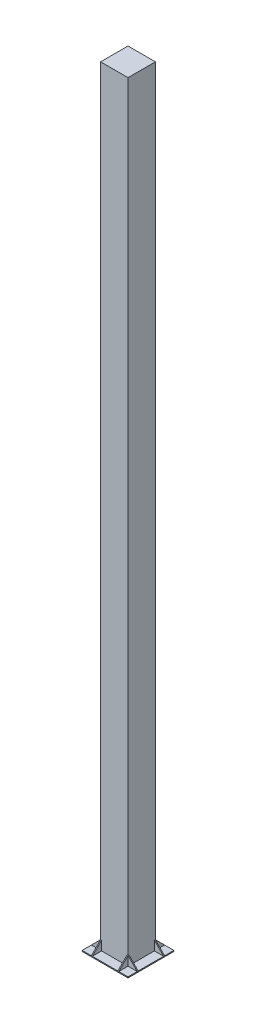
from build123d import *

# Parameters (mm, degrees)
CROQUIS1_W               = 355.6
CROQUIS1_H               = 355.6
SALIENTE_EXTRUIR1_DEPTH  = 10000
CROQUIS2_W               = 595.6
CROQUIS2_H               = 595.6
SALIENTE_EXTRUIR2_DEPTH  = 12.7
SALIENTE_EXTRUIR3_DEPTH  = 12.7
SALIENTE_EXTRUIR4_DEPTH  = 12.7
SALIENTE_EXTRUIR5_DEPTH  = 12.7
SALIENTE_EXTRUIR6_DEPTH  = 12.7
SALIENTE_EXTRUIR7_DEPTH  = 12.7
SALIENTE_EXTRUIR8_DEPTH  = 12.7
SALIENTE_EXTRUIR9_DEPTH  = 12.7
SALIENTE_EXTRUIR10_DEPTH = 12.7


with BuildPart() as part:
    # Croquis1 → Saliente-Extruir1 (new body)
    with BuildSketch(Plane(origin=(0, 0, 0), x_dir=(1, 0, 0), z_dir=(0, 1, 0))):
        Rectangle(CROQUIS1_W, CROQUIS1_H)
    extrude(amount=SALIENTE_EXTRUIR1_DEPTH)

    # Croquis2 → Saliente-Extruir2 (add)
    with BuildSketch(Plane.XZ):
        Rectangle(CROQUIS2_W, CROQUIS2_H)
    extrude(amount=-SALIENTE_EXTRUIR2_DEPTH)

    # Croquis3 → Saliente-Extruir3 (add)
    with BuildSketch(Plane.ZY.offset(177.8)):
        Polygon((-297.8, 12.7), (-177.8, 132.7), (-177.8, 12.7), align=None)
    extrude(amount=-SALIENTE_EXTRUIR3_DEPTH)

    # Croquis4 → Saliente-Extruir4 (add)
    with BuildSketch(Plane(origin=(177.8, 0, 0), x_dir=(0, 0, -1), z_dir=(1, 0, 0))):
        Polygon((177.8, 132.7), (297.8, 12.7), (177.8, 12.7), align=None)
    extrude(amount=-SALIENTE_EXTRUIR4_DEPTH)

    # Croquis5 → Saliente-Extruir5 (add)
    with BuildSketch(Plane.XY.offset(177.8)):
        Polygon((297.8, 12.7), (177.8, 132.7), (177.8, 12.7), align=None)
    extrude(amount=-SALIENTE_EXTRUIR5_DEPTH)

    # Croquis6 → Saliente-Extruir6 (add)
    with BuildSketch(Plane(origin=(0, 0, -177.8), x_dir=(-1, 0, 0), z_dir=(0, 0, -1))):
        Polygon((-177.8, 132.7), (-297.8, 12.7), (-177.8, 12.7), align=None)
    extrude(amount=-SALIENTE_EXTRUIR6_DEPTH)

    # Croquis7 → Saliente-Extruir7 (add)
    with BuildSketch(Plane.ZY.offset(177.8)):
        Polygon((297.8, 12.7), (177.8, 132.7), (177.8, 12.7), align=None)
    extrude(amount=-SALIENTE_EXTRUIR7_DEPTH)

    # Croquis8 → Saliente-Extruir8 (add)
    with BuildSketch(Plane(origin=(177.8, 0, 0), x_dir=(0, 0, -1), z_dir=(1, 0, 0))):
        Polygon((-177.8, 132.7), (-297.8, 12.7), (-177.8, 12.7), align=None)
    extrude(amount=-SALIENTE_EXTRUIR8_DEPTH)

    # Croquis9 → Saliente-Extruir9 (add)
    with BuildSketch(Plane(origin=(0, 0, -177.8), x_dir=(-1, 0, 0), z_dir=(0, 0, -1))):
        Polygon((297.8, 12.7), (177.8, 132.7), (177.8, 12.7), align=None)
    extrude(amount=-SALIENTE_EXTRUIR9_DEPTH)

    # Croquis10 → Saliente-Extruir10 (add)
    with BuildSketch(Plane.XY.offset(177.8)):
        Polygon((-297.8, 12.7), (-177.8, 132.7), (-177.8, 12.7), align=None)
    extrude(amount=-SALIENTE_EXTRUIR10_DEPTH)


solid = part.part

### WORK REQUIRED
Your answer should consist of each line above in which "Rectangle" appears.

### THE COMPLETED TASK
        Rectangle(CROQUIS1_W, CROQUIS1_H)
        Rectangle(CROQUIS2_W, CROQUIS2_H)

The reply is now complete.